Tüm PBS'yi aspire ettikten sonra, hücrelere 100 mikrolitre tripsin ekleyin. Hücreler plakadan ayrıldıktan sonra, bunları 1.5 mililitrelik tüpe toplayın. Hücre süspansiyonunu santrifüjledikten sonra, süpernatantı çıkarın ve peleti 100 mikrolitre DISC lizis tamponunda yeniden askıya alın.

Numuneyi 20 dakika boyunca buz üzerinde inkübe edin ve daha sonra çözünmeyen fraksiyonu peletlemek için lizatı santrifüj edin. Kaspaz-3/7 aktivite testi için 25 mikrolitre lizatı beyaz düz tabanlı 96 delikli bir plakaya ve bikinkoninik asit veya BCA testi için şeffaf düz tabanlı 96 delikli bir plakaya 10 mikrolitre aktarın. Protein miktarı için, standart bir protein olarak bir dizi sığır serum albümini veya BSA konsantrasyonu hazırlayın.

Numuneleri içeren düz tabanlı 96 delikli plakaya standart BSA eklendikten sonra, BCA reaktiflerini bir ve ikisini 50'ye bir oranında karıştırın ve standart olarak her numuneye 200 mikrolitre ekleyin. 30 dakika boyunca 37 santigrat derecede inkübe ettikten sonra, florometrik bir cihazda 562 nanometrede absorbansı ölçün ve protein konsantrasyonunu standart eğri ile ölçün. Popülasyon bazlı bir tahlil yapmak için, florometrik cihazı başlatın ve makineyi 30 santigrat dereceye ısıtın.

Uyarma ve emisyon dalga boyunu sırasıyla 360 ve 465 nanometreye ayarlayın. Daha sonra kaspaz aktivitesini belirlemek için el yazmasında açıklandığı gibi buz üzerinde bir ana reaksiyon karışımı hazırlayın. Her numuneye 75 mikrolitre karışım ekleyin ve toplam 100 mikrolitrelik bir reaksiyon hacmi elde etmek için standarttır.

Florometrik cihaz kurulumunu kullanarak floresanı hemen ölçün ve reaksiyon kinetiğini belirlemek için 40 dakika boyunca her dakika bireysel okumaları kaydedin. Tohumlamadan sonra, yapışkan hücreleri daha önce gösterildiği gibi beş mililitrelik bir polistiren tüpe toplayın. Daha sonra numuneyi dört santigrat derecede beş dakika boyunca 300 G'de santrifüj edin ve süpernatanı çıkarın.

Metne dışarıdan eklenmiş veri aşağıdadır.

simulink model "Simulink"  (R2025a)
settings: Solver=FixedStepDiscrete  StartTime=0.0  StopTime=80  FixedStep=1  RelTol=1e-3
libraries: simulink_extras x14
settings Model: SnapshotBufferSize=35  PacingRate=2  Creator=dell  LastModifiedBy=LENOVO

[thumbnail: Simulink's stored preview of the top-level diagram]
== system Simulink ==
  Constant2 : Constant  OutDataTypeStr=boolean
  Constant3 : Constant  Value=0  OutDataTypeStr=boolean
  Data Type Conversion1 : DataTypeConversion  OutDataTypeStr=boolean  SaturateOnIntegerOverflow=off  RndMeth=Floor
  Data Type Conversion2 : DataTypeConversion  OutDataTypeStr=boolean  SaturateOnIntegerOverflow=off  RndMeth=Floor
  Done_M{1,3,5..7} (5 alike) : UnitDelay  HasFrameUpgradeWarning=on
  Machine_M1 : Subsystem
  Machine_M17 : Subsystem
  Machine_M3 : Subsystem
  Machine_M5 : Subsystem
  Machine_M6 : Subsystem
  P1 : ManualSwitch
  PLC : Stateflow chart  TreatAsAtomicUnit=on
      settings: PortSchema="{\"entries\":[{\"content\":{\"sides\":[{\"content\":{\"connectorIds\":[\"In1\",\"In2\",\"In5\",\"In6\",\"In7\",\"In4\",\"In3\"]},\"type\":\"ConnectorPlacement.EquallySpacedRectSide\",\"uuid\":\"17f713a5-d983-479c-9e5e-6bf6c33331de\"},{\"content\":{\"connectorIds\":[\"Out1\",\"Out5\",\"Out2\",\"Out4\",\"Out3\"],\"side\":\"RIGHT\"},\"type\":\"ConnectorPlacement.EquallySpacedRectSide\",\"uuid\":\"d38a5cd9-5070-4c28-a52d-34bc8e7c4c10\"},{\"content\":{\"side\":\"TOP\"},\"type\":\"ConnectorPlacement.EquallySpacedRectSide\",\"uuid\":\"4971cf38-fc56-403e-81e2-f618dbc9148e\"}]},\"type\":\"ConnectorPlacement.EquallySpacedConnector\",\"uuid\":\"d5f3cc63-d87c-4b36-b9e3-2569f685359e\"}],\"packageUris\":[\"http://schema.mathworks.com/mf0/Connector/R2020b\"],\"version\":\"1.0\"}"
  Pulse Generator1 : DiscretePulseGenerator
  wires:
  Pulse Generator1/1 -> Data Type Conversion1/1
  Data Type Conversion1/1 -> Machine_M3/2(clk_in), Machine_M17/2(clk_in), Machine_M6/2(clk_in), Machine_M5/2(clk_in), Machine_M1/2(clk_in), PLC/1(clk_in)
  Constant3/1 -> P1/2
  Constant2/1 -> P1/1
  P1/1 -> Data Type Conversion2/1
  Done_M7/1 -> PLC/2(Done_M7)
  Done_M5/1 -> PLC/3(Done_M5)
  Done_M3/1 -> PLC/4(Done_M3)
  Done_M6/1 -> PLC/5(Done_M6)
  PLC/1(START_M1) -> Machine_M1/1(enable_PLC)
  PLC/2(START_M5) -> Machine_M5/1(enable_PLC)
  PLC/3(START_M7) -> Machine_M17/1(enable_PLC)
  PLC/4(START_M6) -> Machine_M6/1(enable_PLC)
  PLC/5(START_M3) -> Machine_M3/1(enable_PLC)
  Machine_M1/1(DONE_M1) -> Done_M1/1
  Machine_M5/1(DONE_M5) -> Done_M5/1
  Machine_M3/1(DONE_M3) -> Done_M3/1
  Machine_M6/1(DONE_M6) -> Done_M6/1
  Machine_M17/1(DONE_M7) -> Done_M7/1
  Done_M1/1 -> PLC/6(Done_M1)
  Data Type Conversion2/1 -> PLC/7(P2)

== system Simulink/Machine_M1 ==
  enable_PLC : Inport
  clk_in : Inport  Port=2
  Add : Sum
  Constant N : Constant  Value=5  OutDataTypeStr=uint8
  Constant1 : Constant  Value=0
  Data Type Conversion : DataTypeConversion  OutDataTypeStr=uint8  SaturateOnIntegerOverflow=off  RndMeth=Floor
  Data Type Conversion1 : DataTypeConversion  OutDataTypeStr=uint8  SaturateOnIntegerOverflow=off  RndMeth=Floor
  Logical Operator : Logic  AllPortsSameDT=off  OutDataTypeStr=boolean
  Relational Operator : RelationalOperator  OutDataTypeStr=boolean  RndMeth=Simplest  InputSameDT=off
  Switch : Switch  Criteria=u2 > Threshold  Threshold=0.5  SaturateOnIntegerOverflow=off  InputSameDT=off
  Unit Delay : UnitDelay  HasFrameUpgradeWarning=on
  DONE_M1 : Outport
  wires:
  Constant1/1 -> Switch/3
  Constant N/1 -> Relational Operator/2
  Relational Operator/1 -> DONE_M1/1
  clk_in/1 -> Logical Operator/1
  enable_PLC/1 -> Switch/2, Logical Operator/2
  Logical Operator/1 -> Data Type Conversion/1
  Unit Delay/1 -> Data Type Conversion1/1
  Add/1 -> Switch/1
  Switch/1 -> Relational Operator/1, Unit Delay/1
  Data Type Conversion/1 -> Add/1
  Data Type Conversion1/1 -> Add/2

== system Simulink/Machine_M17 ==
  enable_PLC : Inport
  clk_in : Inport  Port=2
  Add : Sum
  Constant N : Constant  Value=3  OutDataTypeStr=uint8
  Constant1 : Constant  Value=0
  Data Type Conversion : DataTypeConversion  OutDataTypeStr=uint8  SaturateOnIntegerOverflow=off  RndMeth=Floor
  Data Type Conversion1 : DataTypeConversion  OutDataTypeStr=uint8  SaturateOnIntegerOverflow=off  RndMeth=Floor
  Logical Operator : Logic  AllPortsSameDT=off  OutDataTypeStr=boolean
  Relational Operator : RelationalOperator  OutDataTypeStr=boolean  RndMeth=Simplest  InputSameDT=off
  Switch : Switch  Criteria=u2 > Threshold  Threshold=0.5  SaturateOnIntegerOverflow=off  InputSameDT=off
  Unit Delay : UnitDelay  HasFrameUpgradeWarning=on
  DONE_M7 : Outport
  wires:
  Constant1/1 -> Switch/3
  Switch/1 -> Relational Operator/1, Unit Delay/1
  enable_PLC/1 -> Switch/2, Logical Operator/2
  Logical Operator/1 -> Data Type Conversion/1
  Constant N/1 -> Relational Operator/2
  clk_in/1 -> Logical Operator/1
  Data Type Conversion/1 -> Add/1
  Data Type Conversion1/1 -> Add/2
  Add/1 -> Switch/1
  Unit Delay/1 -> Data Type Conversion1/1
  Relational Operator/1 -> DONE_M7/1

Boyama karışımını hazırlamak için, florojenik substratın bir mikrolitresini alın ve 150 mikrolitre PBS ile seyreltin. Numune başına 50 mikrolitre boyama karışımı ekleyin, karanlıkta 30 dakika boyunca 37 santigrat derecede inkübe edin ve her 15 dakikada bir karıştırın. Bu popülasyon bazlı tahlilde, kaspaz-3/7 aktivitesi için kinetik tahlilin temsili verileri, SMAC mimetik konsantrasyonunun artmasıyla substrat bölünmesinin arttığını göstermiştir.

Bununla birlikte, 500 nanomolar konsantrasyondaki artış, çoklu karşılaştırmalara sahip sıradan bir tek yönlü ANOVA'ya dayanarak önemsizdi. Akış sitometrisi kullanılarak kaspaz-3/7 aktivitesinin analizi, SMAC mimetiği ile tedavi edilen hücreler için floresanda, tedavi edilmemiş hücrelere kıyasla floresanda bir kayma olduğunu göstermiştir; bu, çizilmiş medyan floresan yoğunluğunda da belirgindi ve 500 nanomolar konsantrasyondaki artış anlamlıydı. İşlem buz üzerinde yapılmalıdır.

Bununla birlikte, popülasyon bazlı tahlilde, örnekler süresiz olarak buz üzerinde bırakılamaz. Lizis adımından sonra, numuneler derhal daha fazla işlenmeli veya dondurulmalıdır. Canlı hücre mikroskobu kullanarak kaspaz aktivitesinin görüntülenmesi, tek bir hücre düzeyinde kinetik bilgi elde etmek için ek bir yöntem olacaktır.